> **EXERCISE AIM**:
Each line of the material must be repeated precisely, with the pictures left out.

> **INFORMATION SUPPLIED**:
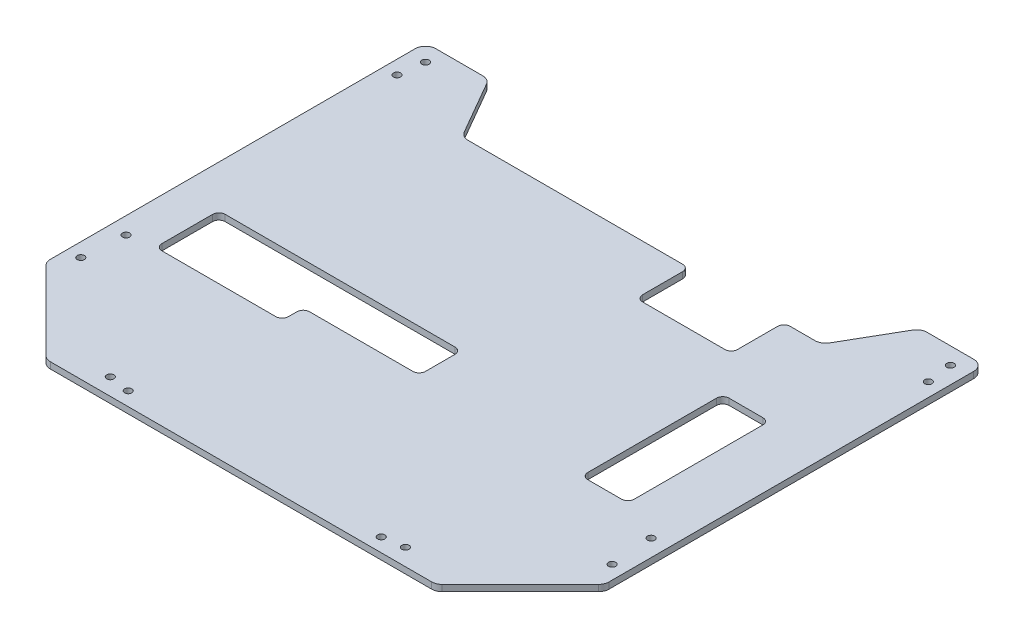
SolidWorks part; units mm, degrees
material "Acier non allié"
ref_plane "Front" through (0, 0, 0) normal (0, 0, 1) x (1, 0, 0)
ref_plane "Top" through (0, 0, 0) normal (0, 1, 0) x (1, 0, 0)
ref_plane "Right" through (0, 0, 0) normal (1, 0, 0) x (0, 0, -1)
sketch "Esquisse1" plane through (0, 0, 0) normal (0, 1, 0) x (1, 0, 0)
  line L0 (0, 0) -> (0, 1919.0564) construction
  line L1 (-92.5, 0) -> (92.5, 0)
  line L2 (92.5, 0) -> (132.5, 40)
  line L3 (132.5, 40) -> (132.5, 220)
  line L4 (132.5, 220) -> (102.5, 220)
  line L5 (102.5, 220) -> (85.1795, 190)
  line L6 (85.1795, 190) -> (-85.1795, 190)
  line L7 (-102.5, 220) -> (-85.1795, 190)
  line L8 (-132.5, 220) -> (-102.5, 220)
  line L9 (-132.5, 40) -> (-132.5, 220)
  line L10 (-92.5, 0) -> (-132.5, 40)
  point P12 (0, 190)
  dimension "D1" = 132.5
  dimension "D2" = 220
  dimension "D3" = 30
  dimension "D4" = 30
  dimension "D5" = 40
  dimension "D6" = 40
  dimension "D7" = 60
extrude "Boss.-Extru.1" add sketch "Esquisse1" along normal blind 3
fillet "Congé1" radius 5 10 edges at (132.5, 1.5, -220) (102.5, 1.5, -220) (85.1795, 1.5, -190) (-85.1795, 1.5, -190) (-102.5, 1.5, -220) (-132.5, 1.5, -220) (-132.5, 1.5, -40) (-92.5, 1.5, 0) (92.5, 1.5, 0) (132.5, 1.5, -40)
sketch "Esquisse2" plane through (0, 0, 0) normal (0, -1, 0) x (1, 0, 0)
  line L0 (0, 0) -> (0, -330.9968) construction
  line L1 (-90.4289, 0) -> (90.4289, 0) construction
  line L2 (-105.3868, -220) -> (-127.5, -220) construction
  line L3 (-132.5, -215) -> (-132.5, -42.0711) construction
  line L4 (-90.4289, 0) -> (90.4289, 0) construction
  line L5 (132.5, -42.0711) -> (132.5, -215) construction
  line L6 (127.5, -220) -> (105.3868, -220) construction
  circle A0 centre (-70, -8) radius 1
  circle A1 centre (-124.5, -70) radius 1
  circle A2 centre (-124.5, -212) radius 1
  circle A3 centre (124.5, -212) radius 1
  circle A4 centre (124.5, -70) radius 1
  circle A5 centre (70, -8) radius 1
  circle A6 centre (126, -50) radius 1.5
  circle A7 centre (126, -200) radius 1.5
  circle A8 centre (-60, -6.5) radius 1.5
  circle A9 centre (60, -6.5) radius 1.5
  circle A10 centre (-126, -50) radius 1.5
  circle A11 centre (-126, -200) radius 1.5
  dimension "D3" = 2
  dimension "D6" = 2
  dimension "D9" = 2
  dimension "D12" = 3
  dimension "D15" = 3
  dimension "D16" = 3
  dimension "D17" = 3
  dimension "D24" = 3
  dimension "D27" = 3
  dimension "D1" = 70
  dimension "D2" = 8
  dimension "D4" = 124.5
  dimension "D5" = 70
  dimension "D7" = 8
  dimension "D8" = 8
  dimension "D10" = 50
  dimension "D11" = 6.5
  dimension "D13" = 20
  dimension "D14" = 6.5
  dimension "D18" = 10
  dimension "D19" = 6.5
  dimension "D20" = 6.5
  dimension "D21" = 10
  dimension "D22" = 50
  dimension "D23" = 6.5
  dimension "D25" = 20
  dimension "D26" = 6.5
extrude "Enlèv. mat.-Extru.1" cut sketch "Esquisse2" against normal through all
hole_wizard "Dégagement M31" positions "Esquisse3" profile "Esquisse4" hole size "M3" standard "ISO" end condition through all
sketch "Esquisse3" plane through (0, 0, 0) normal (0, -1, 0) x (-1, 0, 0)
  point P0 (-70, 8)
  point P3 (-124.5, 70)
  point P6 (-124.5, 212)
  point P9 (124.5, 212)
  point P12 (124.5, 70)
  point P15 (70, 8)
  point P18 (-126, 200)
  point P21 (-126, 50)
  point P24 (-60, 6.5)
  point P27 (60, 6.5)
  point P41 (126, 200)
  point P44 (126, 50)
sketch "Esquisse4" plane through (70, 0, -8) normal (1, 0, 0) x (0, 0, -1)
  line L0 (0, 0) -> (0, 3)
  line L1 (0, 3) -> (1.7, 3)
  line L2 (1.7, 3) -> (1.7, 0)
  line L5 (1.7, 0) -> (0, 0)
  line L11 (0, -6.35) -> (0, 107.95) construction
  dimension "Diamètre du perçage jusqu'au prochain" = 3.4
  dimension "Profondeur du perçage jusqu'au prochain" = 3
sketch "Esquisse5" plane through (0, 0, 0) normal (0, -1, 0) x (1, 0, 0)
  line L6 (82.2927, -190) -> (-82.2927, -190) construction
  line L7 (22.5, -190) -> (67.5, -190)
  line L20 (22.5, -190) -> (22.5, -165)
  line L21 (22.5, -165) -> (67.5, -165)
  line L22 (67.5, -190) -> (67.5, -165)
  line L23 (132.5, -42.0711) -> (132.5, -215) construction
  line L24 (-112.5, -82) -> (-112.5, -72)
  line L25 (-112.5, -102) -> (2.5, -102)
  line L26 (-112.5, -102) -> (-112.5, -82)
  line L27 (-52.5, -82) -> (2.5, -82)
  line L28 (2.5, -102) -> (2.5, -82)
  line L29 (-132.5, -215) -> (-132.5, -42.0711) construction
  line L30 (127.5, -220) -> (105.3868, -220) construction
  line L31 (82.5, -146) -> (104.5, -146)
  line L32 (82.5, -146) -> (82.5, -79)
  line L33 (82.5, -79) -> (104.5, -79)
  line L34 (104.5, -146) -> (104.5, -79)
  line L35 (-90.4289, 0) -> (90.4289, 0) construction
  line L36 (-112.5, -72) -> (-52.5, -72)
  line L37 (-52.5, -82) -> (-52.5, -72)
  dimension "D1" = 65
  dimension "D2" = 110
  dimension "D3" = 25
  dimension "D4" = 82
  dimension "D5" = 135
  dimension "D6" = 20
  dimension "D7" = 115
  dimension "D8" = 50
  dimension "D9" = 74
  dimension "D10" = 67
  dimension "D11" = 22
  dimension "D15" = 30
  dimension "D16" = 60
extrude "Enlèv. mat.-Extru.2" cut sketch "Esquisse5" against normal through all
fillet "Congé2" radius 3 14 edges at (67.5, 1.5, -190) (67.5, 1.5, -165) (22.5, 1.5, -165) (22.5, 1.5, -190) (104.5, 1.5, -146) (82.5, 1.5, -146) (82.5, 1.5, -79) (104.5, 1.5, -79) (2.5, 1.5, -82) (2.5, 1.5, -102) (-112.5, 1.5, -102) (-52.5, 1.5, -72) (-52.5, 1.5, -82) (-112.5, 1.5, -72)
equation "\"WIDTH\"= 300mm'Total width of the robot"
equation "\"LENGTH\"= 220mm'Total length of the robot"
equation "\"CUT_DEPTH\"= 45mm'Depth of the cut on the edges of the plate"
equation "\"Plate_th\"= 3mm'Thickness of the plate"
equation "\"D1\"= \"Plate_th\""

> **ANSWER SECTION**:
SolidWorks part; units mm, degrees
material "Acier non allié"
ref_plane "Front" through (0, 0, 0) normal (0, 0, 1) x (1, 0, 0)
ref_plane "Top" through (0, 0, 0) normal (0, 1, 0) x (1, 0, 0)
ref_plane "Right" through (0, 0, 0) normal (1, 0, 0) x (0, 0, -1)
sketch "Esquisse1" plane through (0, 0, 0) normal (0, 1, 0) x (1, 0, 0)
  line L0 (0, 0) -> (0, 1919.0564) construction
  line L1 (-92.5, 0) -> (92.5, 0)
  line L2 (92.5, 0) -> (132.5, 40)
  line L3 (132.5, 40) -> (132.5, 220)
  line L4 (132.5, 220) -> (102.5, 220)
  line L5 (102.5, 220) -> (85.1795, 190)
  line L6 (85.1795, 190) -> (-85.1795, 190)
  line L7 (-102.5, 220) -> (-85.1795, 190)
  line L8 (-132.5, 220) -> (-102.5, 220)
  line L9 (-132.5, 40) -> (-132.5, 220)
  line L10 (-92.5, 0) -> (-132.5, 40)
  point P12 (0, 190)
  dimension "D1" = 132.5
  dimension "D2" = 220
  dimension "D3" = 30
  dimension "D4" = 30
  dimension "D5" = 40
  dimension "D6" = 40
  dimension "D7" = 60
extrude "Boss.-Extru.1" add sketch "Esquisse1" along normal blind 3
fillet "Congé1" radius 5 10 edges at (132.5, 1.5, -220) (102.5, 1.5, -220) (85.1795, 1.5, -190) (-85.1795, 1.5, -190) (-102.5, 1.5, -220) (-132.5, 1.5, -220) (-132.5, 1.5, -40) (-92.5, 1.5, 0) (92.5, 1.5, 0) (132.5, 1.5, -40)
sketch "Esquisse2" plane through (0, 0, 0) normal (0, -1, 0) x (1, 0, 0)
  line L0 (0, 0) -> (0, -330.9968) construction
  line L1 (-90.4289, 0) -> (90.4289, 0) construction
  line L2 (-105.3868, -220) -> (-127.5, -220) construction
  line L3 (-132.5, -215) -> (-132.5, -42.0711) construction
  line L4 (-90.4289, 0) -> (90.4289, 0) construction
  line L5 (132.5, -42.0711) -> (132.5, -215) construction
  line L6 (127.5, -220) -> (105.3868, -220) construction
  circle A0 centre (-70, -8) radius 1
  circle A1 centre (-124.5, -70) radius 1
  circle A2 centre (-124.5, -212) radius 1
  circle A3 centre (124.5, -212) radius 1
  circle A4 centre (124.5, -70) radius 1
  circle A5 centre (70, -8) radius 1
  circle A6 centre (126, -50) radius 1.5
  circle A7 centre (126, -200) radius 1.5
  circle A8 centre (-60, -6.5) radius 1.5
  circle A9 centre (60, -6.5) radius 1.5
  circle A10 centre (-126, -50) radius 1.5
  circle A11 centre (-126, -200) radius 1.5
  dimension "D3" = 2
  dimension "D6" = 2
  dimension "D9" = 2
  dimension "D12" = 3
  dimension "D15" = 3
  dimension "D16" = 3
  dimension "D17" = 3
  dimension "D24" = 3
  dimension "D27" = 3
  dimension "D1" = 70
  dimension "D2" = 8
  dimension "D4" = 124.5
  dimension "D5" = 70
  dimension "D7" = 8
  dimension "D8" = 8
  dimension "D10" = 50
  dimension "D11" = 6.5
  dimension "D13" = 20
  dimension "D14" = 6.5
  dimension "D18" = 10
  dimension "D19" = 6.5
  dimension "D20" = 6.5
  dimension "D21" = 10
  dimension "D22" = 50
  dimension "D23" = 6.5
  dimension "D25" = 20
  dimension "D26" = 6.5
extrude "Enlèv. mat.-Extru.1" cut sketch "Esquisse2" against normal through all
hole_wizard "Dégagement M31" positions "Esquisse3" profile "Esquisse4" hole size "M3" standard "ISO" end condition through all
sketch "Esquisse3" plane through (0, 0, 0) normal (0, -1, 0) x (-1, 0, 0)
  point P0 (-70, 8)
  point P3 (-124.5, 70)
  point P6 (-124.5, 212)
  point P9 (124.5, 212)
  point P12 (124.5, 70)
  point P15 (70, 8)
  point P18 (-126, 200)
  point P21 (-126, 50)
  point P24 (-60, 6.5)
  point P27 (60, 6.5)
  point P41 (126, 200)
  point P44 (126, 50)
sketch "Esquisse4" plane through (70, 0, -8) normal (1, 0, 0) x (0, 0, -1)
  line L0 (0, 0) -> (0, 3)
  line L1 (0, 3) -> (1.7, 3)
  line L2 (1.7, 3) -> (1.7, 0)
  line L5 (1.7, 0) -> (0, 0)
  line L11 (0, -6.35) -> (0, 107.95) construction
  dimension "Diamètre du perçage jusqu'au prochain" = 3.4
  dimension "Profondeur du perçage jusqu'au prochain" = 3
sketch "Esquisse5" plane through (0, 0, 0) normal (0, -1, 0) x (1, 0, 0)
  line L6 (82.2927, -190) -> (-82.2927, -190) construction
  line L7 (22.5, -190) -> (67.5, -190)
  line L20 (22.5, -190) -> (22.5, -165)
  line L21 (22.5, -165) -> (67.5, -165)
  line L22 (67.5, -190) -> (67.5, -165)
  line L23 (132.5, -42.0711) -> (132.5, -215) construction
  line L24 (-112.5, -82) -> (-112.5, -72)
  line L25 (-112.5, -102) -> (2.5, -102)
  line L26 (-112.5, -102) -> (-112.5, -82)
  line L27 (-52.5, -82) -> (2.5, -82)
  line L28 (2.5, -102) -> (2.5, -82)
  line L29 (-132.5, -215) -> (-132.5, -42.0711) construction
  line L30 (127.5, -220) -> (105.3868, -220) construction
  line L31 (82.5, -146) -> (104.5, -146)
  line L32 (82.5, -146) -> (82.5, -79)
  line L33 (82.5, -79) -> (104.5, -79)
  line L34 (104.5, -146) -> (104.5, -79)
  line L35 (-90.4289, 0) -> (90.4289, 0) construction
  line L36 (-112.5, -72) -> (-52.5, -72)
  line L37 (-52.5, -82) -> (-52.5, -72)
  dimension "D1" = 65
  dimension "D2" = 110
  dimension "D3" = 25
  dimension "D4" = 82
  dimension "D5" = 135
  dimension "D6" = 20
  dimension "D7" = 115
  dimension "D8" = 50
  dimension "D9" = 74
  dimension "D10" = 67
  dimension "D11" = 22
  dimension "D15" = 30
  dimension "D16" = 60
extrude "Enlèv. mat.-Extru.2" cut sketch "Esquisse5" against normal through all
fillet "Congé2" radius 3 14 edges at (67.5, 1.5, -190) (67.5, 1.5, -165) (22.5, 1.5, -165) (22.5, 1.5, -190) (104.5, 1.5, -146) (82.5, 1.5, -146) (82.5, 1.5, -79) (104.5, 1.5, -79) (2.5, 1.5, -82) (2.5, 1.5, -102) (-112.5, 1.5, -102) (-52.5, 1.5, -72) (-52.5, 1.5, -82) (-112.5, 1.5, -72)
equation "\"WIDTH\"= 300mm'Total width of the robot"
equation "\"LENGTH\"= 220mm'Total length of the robot"
equation "\"CUT_DEPTH\"= 45mm'Depth of the cut on the edges of the plate"
equation "\"Plate_th\"= 3mm'Thickness of the plate"
equation "\"D1\"= \"Plate_th\""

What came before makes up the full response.